In a multi-step task, each step has its own `tests/` under
`steps/{name}/tests/`, and the verifier runs once per step. Reward Kit behaves
the same as in a single-step task: for each step it reads `/tests`, runs the
criteria against `/app`, and writes `/logs/verifier/reward.json` for that step.
Harbor then aggregates per-step results into a trial-level reward via
`multi_step_reward_strategy` in `task.toml` — aggregation happens *outside*
Reward Kit, so don't try to encode cross-step logic in your criteria.

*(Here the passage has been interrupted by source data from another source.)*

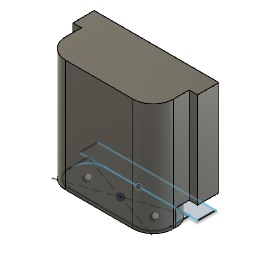
Mid Layer - Left No Macro Rev 2 v3 (Autodesk Fusion 360 archive; units mm, degrees)
design "USB C Punch - 0.3mm Expanded"
Autodesk Fusion 360 part; units mm, degrees
sketch "Sketch1" plane through (0, 0, 0) normal (0, 1, 0) x (1, 0, 0)
  line L0 (4.5, 1.6) -> (-4.5, 1.6)
  line L1 (-4.5, 0.1) -> (-4.5, -0.1)
  line L2 (-3, -1.6) -> (3, -1.6)
  line L3 (4.5, -0.1) -> (4.5, 0.1)
  line L4 (4.5, 1.6) -> (-4.5, -1.6) construction
  line L5 (-4.5, 1.6) -> (4.5, -1.6) construction
  arc A0 (-4.5, -0.1) -> (-3, -1.6) centre (-3, -0.1) ccw
  arc A1 (3, -1.6) -> (4.5, -0.1) centre (3, -0.1) ccw
  line L6 (3, 1.6) -> (-3, 1.6)
  arc A2 (-3, 1.6) -> (-4.5, 0.1) centre (-3, 0.1) ccw
  arc A3 (4.5, 0.1) -> (3, 1.6) centre (3, 0.1) ccw
  line L7 (4.5, 1.6) -> (4.5, 0)
  line L8 (-4.5, 1.6) -> (-4.5, 0)
  line L9 (-5.25, 3.2) -> (5.25, 3.2)
  line L10 (5.25, 3.2) -> (5.25, 1.6)
  line L11 (5.25, 1.6) -> (-5.25, 1.6)
  line L12 (-5.25, 1.6) -> (-5.25, 3.2)
  point P0 (0, 1.6)
  point P1 (0, 1.6)
  dimension "d5" = 9
  dimension "d6" = 3.2
  dimension "d8" = 1.5
  dimension "d11" = 1.5
  dimension "d12" = 10.5
  dimension "d13" = 1.6
  constraint horizontal L0
  constraint perpendicular L0 L1
  constraint parallel L0 L2
  constraint parallel L1 L3
  constraint coincident L4 origin
  constraint coincident L5 origin
  constraint coincident L4.end L1
  constraint coincident L4.end L2
  constraint tangent L1 A0
  constraint tangent L2 A0
  constraint coincident L5.end L3
  constraint coincident L5.end L2
  constraint tangent L3 A1
  constraint tangent L2 A1
  constraint equal A0 A1
  constraint horizontal L6
  constraint coincident L6 P1
  constraint coincident L0.end L1
  constraint tangent L1 A2
  constraint tangent L6 A2
  constraint coincident L0.start L3
  constraint tangent L3 A3
  constraint tangent L6 A3
  constraint equal A2 A3
  constraint midpoint L3 L7.end
  constraint midpoint L1 L8.end
  constraint horizontal L9
  constraint vertical L10
  constraint horizontal L11
  constraint vertical L12
  constraint midpoint L11 P1
  constraint midpoint L6 P1
  measures "d5" distance of L4.end L5.end
  measures "d6" distance of L0.end L4.end
  measures "d8" radius of A0
  measures "d11" radius of A2
  measures "d12" distance of L9.start L9.end
  measures "d13" distance of L9.start L11.end
extrude "Extrude1" add sketch "Sketch1" along normal blind 10 contours L0 L1 L2 L3 A0 A1 L6 A2 A3 L7 L8 L11
extrude "Extrude2" add sketch "Sketch1" along normal blind 8.5 from surface at 1.5 contours L0 A3 L7 L11 | L0 L6 L9 L10 L11 L12 | L0 A2 L8 L11
move_face "OffsetFaces1" offset 0.3 12 faces at (4.4983, 6.6667, 0.1714) (-1, 3.3333, 1.6) (-3.0714, 6.6667, 1.5983) (-4.5, 7.1667, -0.5333) (-4.75, 4.3333, -1.6) (-5.25, 4.3333, -2.1333) (4.5, 7.1667, -0.5333) (3.0714, 1, -1.5983) (1, 0.5, -1.6) (-4.3926, 1, -0.6575) (5, 4.3333, -1.6) (5.25, 4.3333, -2.6667)
equation "usb_c_width = 9 mm"
equation "usb_c_height = 3.2 mm"
equation "pcb_thickness = 1.6 mm"
equation "pcb_width = 10.5 mm"
equation "d5 = usb_c_width"
equation "d6 = usb_c_height"
equation "usb_c_fillet = 1.5 mm"
equation "d8 = usb_c_fillet"
equation "d11 = usb_c_fillet"
equation "d12 = pcb_width"
equation "d13 = pcb_thickness"

A task-level `tests/` directory (at the task root) is uploaded to `/tests`
first, then the step's own `tests/` is layered on top (same-name files win).
Put shared helpers (common `checks.py` functions with `shared=True`, fixture
files, a fallback `test.sh`) at the task level, and step-specific criteria
under each step.

Multi-reward subdirectories still work *within* a step: `steps/foo/tests/`
can contain `correctness/`, `structure/`, `quality/` — each produces a
separate reward key for that step, and `multi_step_reward_strategy = "mean"`
averages each key across steps. Use `"final"` when the last step is an
end-to-end check whose rewards already represent the full task.

## When to reach for what

- **Use built-ins** for file existence, string matches, command output, JSON/CSV checks, 
  HTTP probes.
- **Use `@criterion`** when logic is task-specific but still programmatic.
- **Use LLM judges** for subjective quality dimensions (readability, correctness of prose).
- **Use agent judges** when the rubric requires exploring the filesystem or running code 
  (e.g. "does the test suite actually pass?").
- **Use subdirectories** when you want separate scores (correctness vs structure vs 
  quality) rather than one blended number.
- **Use `isolated=True`** for any criterion that runs mutating commands, so it doesn't 
  corrupt the workspace for other criteria.

## Working example

See `examples/tasks/reward-kit-example/` in the Harbor repo.